**REQUIREMENT**
Beneath this line are the data; copy exactly the part of them that opens with the line containing "Author: legot" and closes with the line containing "line L4 (9, 19.25) -> (-9, 19.25)", and only that part.

**EXERCISE MATERIAL**
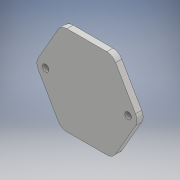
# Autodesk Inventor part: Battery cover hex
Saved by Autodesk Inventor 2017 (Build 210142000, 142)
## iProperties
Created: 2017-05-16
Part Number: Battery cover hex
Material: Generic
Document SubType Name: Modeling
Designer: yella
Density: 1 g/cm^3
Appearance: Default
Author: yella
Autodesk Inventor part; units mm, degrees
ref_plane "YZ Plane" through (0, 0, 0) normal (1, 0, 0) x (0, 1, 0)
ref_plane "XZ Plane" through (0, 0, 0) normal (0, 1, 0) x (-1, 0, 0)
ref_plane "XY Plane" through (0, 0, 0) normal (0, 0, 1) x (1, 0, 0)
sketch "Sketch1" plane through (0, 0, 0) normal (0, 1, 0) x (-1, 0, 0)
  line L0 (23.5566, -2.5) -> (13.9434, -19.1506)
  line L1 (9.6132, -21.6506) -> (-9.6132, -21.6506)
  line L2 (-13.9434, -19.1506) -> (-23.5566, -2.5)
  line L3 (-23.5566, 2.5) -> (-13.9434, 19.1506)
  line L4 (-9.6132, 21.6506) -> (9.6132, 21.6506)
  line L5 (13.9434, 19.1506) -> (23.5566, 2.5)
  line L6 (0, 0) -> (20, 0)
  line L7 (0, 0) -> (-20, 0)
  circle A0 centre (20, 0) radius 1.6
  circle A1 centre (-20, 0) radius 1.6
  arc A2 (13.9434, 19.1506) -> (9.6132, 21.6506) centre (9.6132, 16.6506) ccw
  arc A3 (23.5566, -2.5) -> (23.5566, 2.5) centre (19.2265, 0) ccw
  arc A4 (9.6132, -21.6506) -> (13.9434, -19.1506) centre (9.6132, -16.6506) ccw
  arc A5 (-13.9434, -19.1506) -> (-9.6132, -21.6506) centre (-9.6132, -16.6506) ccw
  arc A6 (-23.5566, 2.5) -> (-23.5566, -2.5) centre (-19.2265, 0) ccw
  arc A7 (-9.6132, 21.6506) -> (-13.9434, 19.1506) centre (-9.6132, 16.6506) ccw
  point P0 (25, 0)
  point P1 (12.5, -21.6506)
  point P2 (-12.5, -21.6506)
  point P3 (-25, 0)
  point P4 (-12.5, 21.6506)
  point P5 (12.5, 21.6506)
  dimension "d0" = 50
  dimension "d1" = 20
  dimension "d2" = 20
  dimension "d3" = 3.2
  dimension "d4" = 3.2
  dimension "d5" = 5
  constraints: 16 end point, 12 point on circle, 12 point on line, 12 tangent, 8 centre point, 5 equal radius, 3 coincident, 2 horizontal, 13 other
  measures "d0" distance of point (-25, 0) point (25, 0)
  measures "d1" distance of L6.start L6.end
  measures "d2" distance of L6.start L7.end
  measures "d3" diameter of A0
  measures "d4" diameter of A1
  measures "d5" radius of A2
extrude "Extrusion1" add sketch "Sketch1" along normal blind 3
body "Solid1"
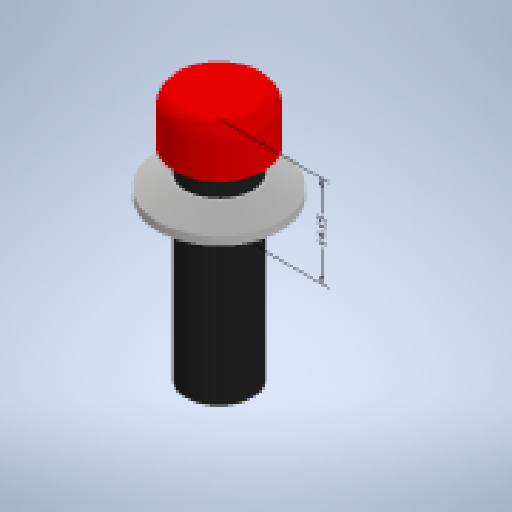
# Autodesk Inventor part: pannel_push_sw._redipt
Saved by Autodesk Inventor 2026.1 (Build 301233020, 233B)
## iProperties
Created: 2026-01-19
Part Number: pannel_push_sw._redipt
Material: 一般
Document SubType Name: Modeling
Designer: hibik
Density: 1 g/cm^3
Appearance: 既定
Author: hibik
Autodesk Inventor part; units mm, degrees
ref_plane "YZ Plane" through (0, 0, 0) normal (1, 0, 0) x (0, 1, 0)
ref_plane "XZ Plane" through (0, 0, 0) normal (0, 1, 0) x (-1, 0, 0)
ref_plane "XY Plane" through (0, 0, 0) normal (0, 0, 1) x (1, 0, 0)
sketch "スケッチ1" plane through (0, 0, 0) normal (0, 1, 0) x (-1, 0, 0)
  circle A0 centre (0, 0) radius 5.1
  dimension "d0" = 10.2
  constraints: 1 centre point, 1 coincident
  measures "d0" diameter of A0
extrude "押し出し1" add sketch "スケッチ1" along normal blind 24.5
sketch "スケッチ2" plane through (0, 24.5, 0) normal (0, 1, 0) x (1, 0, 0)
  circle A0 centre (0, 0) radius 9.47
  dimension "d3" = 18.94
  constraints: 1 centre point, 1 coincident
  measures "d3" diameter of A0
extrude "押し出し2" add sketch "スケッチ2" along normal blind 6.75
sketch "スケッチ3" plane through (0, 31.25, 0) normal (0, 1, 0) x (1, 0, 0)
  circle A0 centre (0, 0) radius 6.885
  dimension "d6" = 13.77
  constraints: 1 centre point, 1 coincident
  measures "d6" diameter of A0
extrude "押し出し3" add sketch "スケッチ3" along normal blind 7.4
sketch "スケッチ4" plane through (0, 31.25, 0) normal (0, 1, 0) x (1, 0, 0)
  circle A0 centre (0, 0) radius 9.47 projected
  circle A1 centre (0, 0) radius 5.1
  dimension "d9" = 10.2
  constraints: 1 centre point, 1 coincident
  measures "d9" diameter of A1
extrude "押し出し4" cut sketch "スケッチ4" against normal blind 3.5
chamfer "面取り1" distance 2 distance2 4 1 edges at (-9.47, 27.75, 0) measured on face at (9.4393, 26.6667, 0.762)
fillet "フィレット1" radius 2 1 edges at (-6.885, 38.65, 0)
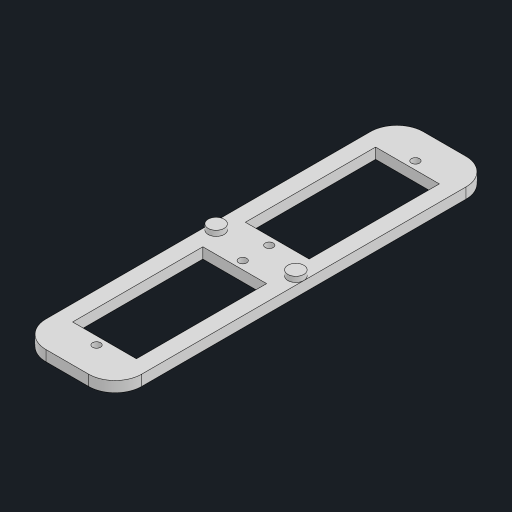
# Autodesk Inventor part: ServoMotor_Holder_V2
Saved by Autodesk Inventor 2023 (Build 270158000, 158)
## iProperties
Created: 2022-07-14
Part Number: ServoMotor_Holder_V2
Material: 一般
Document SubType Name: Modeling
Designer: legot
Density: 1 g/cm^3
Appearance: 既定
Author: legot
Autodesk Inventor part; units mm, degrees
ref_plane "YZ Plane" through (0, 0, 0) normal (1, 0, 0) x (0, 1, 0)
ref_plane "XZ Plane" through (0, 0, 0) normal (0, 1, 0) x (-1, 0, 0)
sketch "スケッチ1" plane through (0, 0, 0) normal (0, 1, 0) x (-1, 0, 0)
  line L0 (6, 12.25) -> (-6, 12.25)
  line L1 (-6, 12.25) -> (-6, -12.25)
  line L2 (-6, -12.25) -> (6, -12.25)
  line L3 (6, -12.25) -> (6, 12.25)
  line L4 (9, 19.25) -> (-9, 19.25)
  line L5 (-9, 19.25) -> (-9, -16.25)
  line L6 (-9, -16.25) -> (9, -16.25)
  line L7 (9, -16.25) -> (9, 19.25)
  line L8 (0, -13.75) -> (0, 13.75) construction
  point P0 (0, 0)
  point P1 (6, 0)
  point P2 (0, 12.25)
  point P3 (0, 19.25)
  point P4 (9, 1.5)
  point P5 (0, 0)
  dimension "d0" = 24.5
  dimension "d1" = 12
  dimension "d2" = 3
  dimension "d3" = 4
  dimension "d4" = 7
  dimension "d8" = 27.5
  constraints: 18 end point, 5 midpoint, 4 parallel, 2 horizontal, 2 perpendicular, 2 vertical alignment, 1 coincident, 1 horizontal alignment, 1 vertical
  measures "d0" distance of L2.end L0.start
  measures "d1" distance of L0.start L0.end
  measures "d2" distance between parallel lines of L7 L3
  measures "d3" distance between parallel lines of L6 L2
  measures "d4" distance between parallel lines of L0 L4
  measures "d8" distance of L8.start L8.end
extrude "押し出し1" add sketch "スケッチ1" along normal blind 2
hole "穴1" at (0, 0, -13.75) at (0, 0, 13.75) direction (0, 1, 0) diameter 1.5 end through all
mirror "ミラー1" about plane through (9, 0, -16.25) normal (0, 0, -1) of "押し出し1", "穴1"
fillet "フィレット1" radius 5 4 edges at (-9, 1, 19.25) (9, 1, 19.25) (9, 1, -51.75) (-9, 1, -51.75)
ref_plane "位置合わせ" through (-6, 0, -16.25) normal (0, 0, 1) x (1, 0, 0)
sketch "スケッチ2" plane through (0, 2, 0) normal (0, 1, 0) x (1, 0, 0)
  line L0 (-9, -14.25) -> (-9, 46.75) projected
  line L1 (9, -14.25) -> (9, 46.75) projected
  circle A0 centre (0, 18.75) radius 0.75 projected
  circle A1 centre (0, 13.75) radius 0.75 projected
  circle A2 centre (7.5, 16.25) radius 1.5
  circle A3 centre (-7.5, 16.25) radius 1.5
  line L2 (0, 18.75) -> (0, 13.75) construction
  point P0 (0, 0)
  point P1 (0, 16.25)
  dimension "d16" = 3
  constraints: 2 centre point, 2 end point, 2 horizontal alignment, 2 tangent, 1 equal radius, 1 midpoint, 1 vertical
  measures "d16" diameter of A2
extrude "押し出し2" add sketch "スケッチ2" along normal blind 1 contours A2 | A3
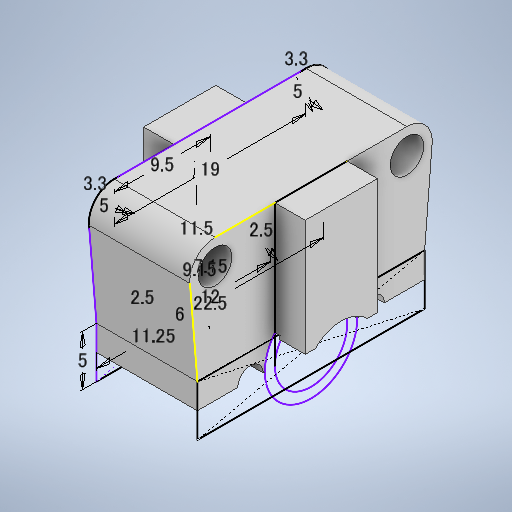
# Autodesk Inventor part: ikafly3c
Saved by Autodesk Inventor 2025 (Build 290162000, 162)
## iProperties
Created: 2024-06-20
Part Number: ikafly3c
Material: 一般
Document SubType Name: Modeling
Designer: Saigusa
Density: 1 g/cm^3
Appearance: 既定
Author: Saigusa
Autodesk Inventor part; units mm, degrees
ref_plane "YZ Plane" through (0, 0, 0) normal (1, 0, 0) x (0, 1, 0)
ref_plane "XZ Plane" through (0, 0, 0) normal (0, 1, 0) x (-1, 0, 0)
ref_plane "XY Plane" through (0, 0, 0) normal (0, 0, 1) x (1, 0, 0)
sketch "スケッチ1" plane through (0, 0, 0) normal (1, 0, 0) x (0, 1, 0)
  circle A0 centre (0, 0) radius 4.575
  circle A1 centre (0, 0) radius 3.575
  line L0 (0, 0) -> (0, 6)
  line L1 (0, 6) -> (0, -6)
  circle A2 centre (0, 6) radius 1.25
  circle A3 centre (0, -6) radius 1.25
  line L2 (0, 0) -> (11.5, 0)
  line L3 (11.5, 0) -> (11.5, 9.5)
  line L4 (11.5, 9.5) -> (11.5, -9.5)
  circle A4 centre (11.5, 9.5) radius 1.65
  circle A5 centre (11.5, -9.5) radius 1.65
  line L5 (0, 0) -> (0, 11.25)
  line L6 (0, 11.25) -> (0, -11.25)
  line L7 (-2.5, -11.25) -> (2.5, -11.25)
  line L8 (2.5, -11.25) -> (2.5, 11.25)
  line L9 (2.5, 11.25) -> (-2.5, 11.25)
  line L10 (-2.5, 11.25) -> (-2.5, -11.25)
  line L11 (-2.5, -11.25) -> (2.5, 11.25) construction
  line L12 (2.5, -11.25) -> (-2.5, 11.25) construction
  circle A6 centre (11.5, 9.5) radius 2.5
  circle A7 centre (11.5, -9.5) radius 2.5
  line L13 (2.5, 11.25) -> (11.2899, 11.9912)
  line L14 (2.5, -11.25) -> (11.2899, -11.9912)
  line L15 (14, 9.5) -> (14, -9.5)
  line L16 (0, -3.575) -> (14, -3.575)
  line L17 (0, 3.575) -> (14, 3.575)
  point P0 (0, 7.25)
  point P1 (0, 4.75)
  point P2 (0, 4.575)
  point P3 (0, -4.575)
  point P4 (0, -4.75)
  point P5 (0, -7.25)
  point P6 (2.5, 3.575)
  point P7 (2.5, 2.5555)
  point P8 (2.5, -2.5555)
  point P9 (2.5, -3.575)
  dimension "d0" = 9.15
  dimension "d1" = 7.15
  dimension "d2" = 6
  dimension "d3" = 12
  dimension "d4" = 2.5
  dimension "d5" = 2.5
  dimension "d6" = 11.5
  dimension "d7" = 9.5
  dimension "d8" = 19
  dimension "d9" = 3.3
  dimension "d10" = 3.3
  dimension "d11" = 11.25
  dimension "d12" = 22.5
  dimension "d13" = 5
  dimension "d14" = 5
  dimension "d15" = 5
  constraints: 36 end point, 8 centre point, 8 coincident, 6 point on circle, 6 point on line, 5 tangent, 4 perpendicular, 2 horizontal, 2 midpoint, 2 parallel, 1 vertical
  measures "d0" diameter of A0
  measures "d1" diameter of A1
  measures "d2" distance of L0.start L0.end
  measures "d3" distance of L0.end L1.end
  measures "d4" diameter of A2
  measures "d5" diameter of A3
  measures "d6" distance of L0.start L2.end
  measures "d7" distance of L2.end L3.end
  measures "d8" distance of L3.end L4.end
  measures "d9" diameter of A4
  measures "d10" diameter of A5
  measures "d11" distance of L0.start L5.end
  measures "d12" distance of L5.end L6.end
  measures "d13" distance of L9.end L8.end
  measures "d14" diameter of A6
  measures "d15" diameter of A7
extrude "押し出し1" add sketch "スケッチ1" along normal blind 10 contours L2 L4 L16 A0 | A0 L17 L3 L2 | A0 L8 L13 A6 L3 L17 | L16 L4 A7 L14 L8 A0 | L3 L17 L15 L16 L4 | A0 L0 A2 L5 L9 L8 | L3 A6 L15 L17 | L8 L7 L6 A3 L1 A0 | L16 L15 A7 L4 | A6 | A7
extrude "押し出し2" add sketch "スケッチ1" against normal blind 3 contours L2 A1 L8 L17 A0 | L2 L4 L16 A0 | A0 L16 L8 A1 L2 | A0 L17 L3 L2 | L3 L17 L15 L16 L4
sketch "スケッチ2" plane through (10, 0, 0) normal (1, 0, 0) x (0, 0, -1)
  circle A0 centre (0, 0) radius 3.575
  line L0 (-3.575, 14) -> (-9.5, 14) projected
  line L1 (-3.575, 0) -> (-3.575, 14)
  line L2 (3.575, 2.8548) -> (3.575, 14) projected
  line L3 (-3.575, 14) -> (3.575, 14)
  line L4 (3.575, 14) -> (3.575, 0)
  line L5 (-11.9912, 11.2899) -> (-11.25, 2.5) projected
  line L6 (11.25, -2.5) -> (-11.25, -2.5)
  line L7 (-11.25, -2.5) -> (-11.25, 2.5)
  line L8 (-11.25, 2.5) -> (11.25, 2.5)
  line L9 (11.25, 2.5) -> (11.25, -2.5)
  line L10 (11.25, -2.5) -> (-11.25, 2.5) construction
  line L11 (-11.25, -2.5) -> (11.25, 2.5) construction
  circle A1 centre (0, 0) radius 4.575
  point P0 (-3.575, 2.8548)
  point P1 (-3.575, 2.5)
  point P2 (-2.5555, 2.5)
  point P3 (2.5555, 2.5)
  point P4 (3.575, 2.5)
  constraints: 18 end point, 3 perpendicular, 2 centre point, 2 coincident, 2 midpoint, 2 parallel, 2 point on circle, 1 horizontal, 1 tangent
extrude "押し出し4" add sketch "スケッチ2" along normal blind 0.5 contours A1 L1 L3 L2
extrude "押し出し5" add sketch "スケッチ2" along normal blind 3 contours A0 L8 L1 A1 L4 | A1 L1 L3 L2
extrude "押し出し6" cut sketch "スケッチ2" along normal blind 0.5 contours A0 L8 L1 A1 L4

**ANSWER TO THE EXERCISE**
Author: legot
Autodesk Inventor part; units mm, degrees
ref_plane "YZ Plane" through (0, 0, 0) normal (1, 0, 0) x (0, 1, 0)
ref_plane "XZ Plane" through (0, 0, 0) normal (0, 1, 0) x (-1, 0, 0)
sketch "スケッチ1" plane through (0, 0, 0) normal (0, 1, 0) x (-1, 0, 0)
  line L0 (6, 12.25) -> (-6, 12.25)
  line L1 (-6, 12.25) -> (-6, -12.25)
  line L2 (-6, -12.25) -> (6, -12.25)
  line L3 (6, -12.25) -> (6, 12.25)
  line L4 (9, 19.25) -> (-9, 19.25)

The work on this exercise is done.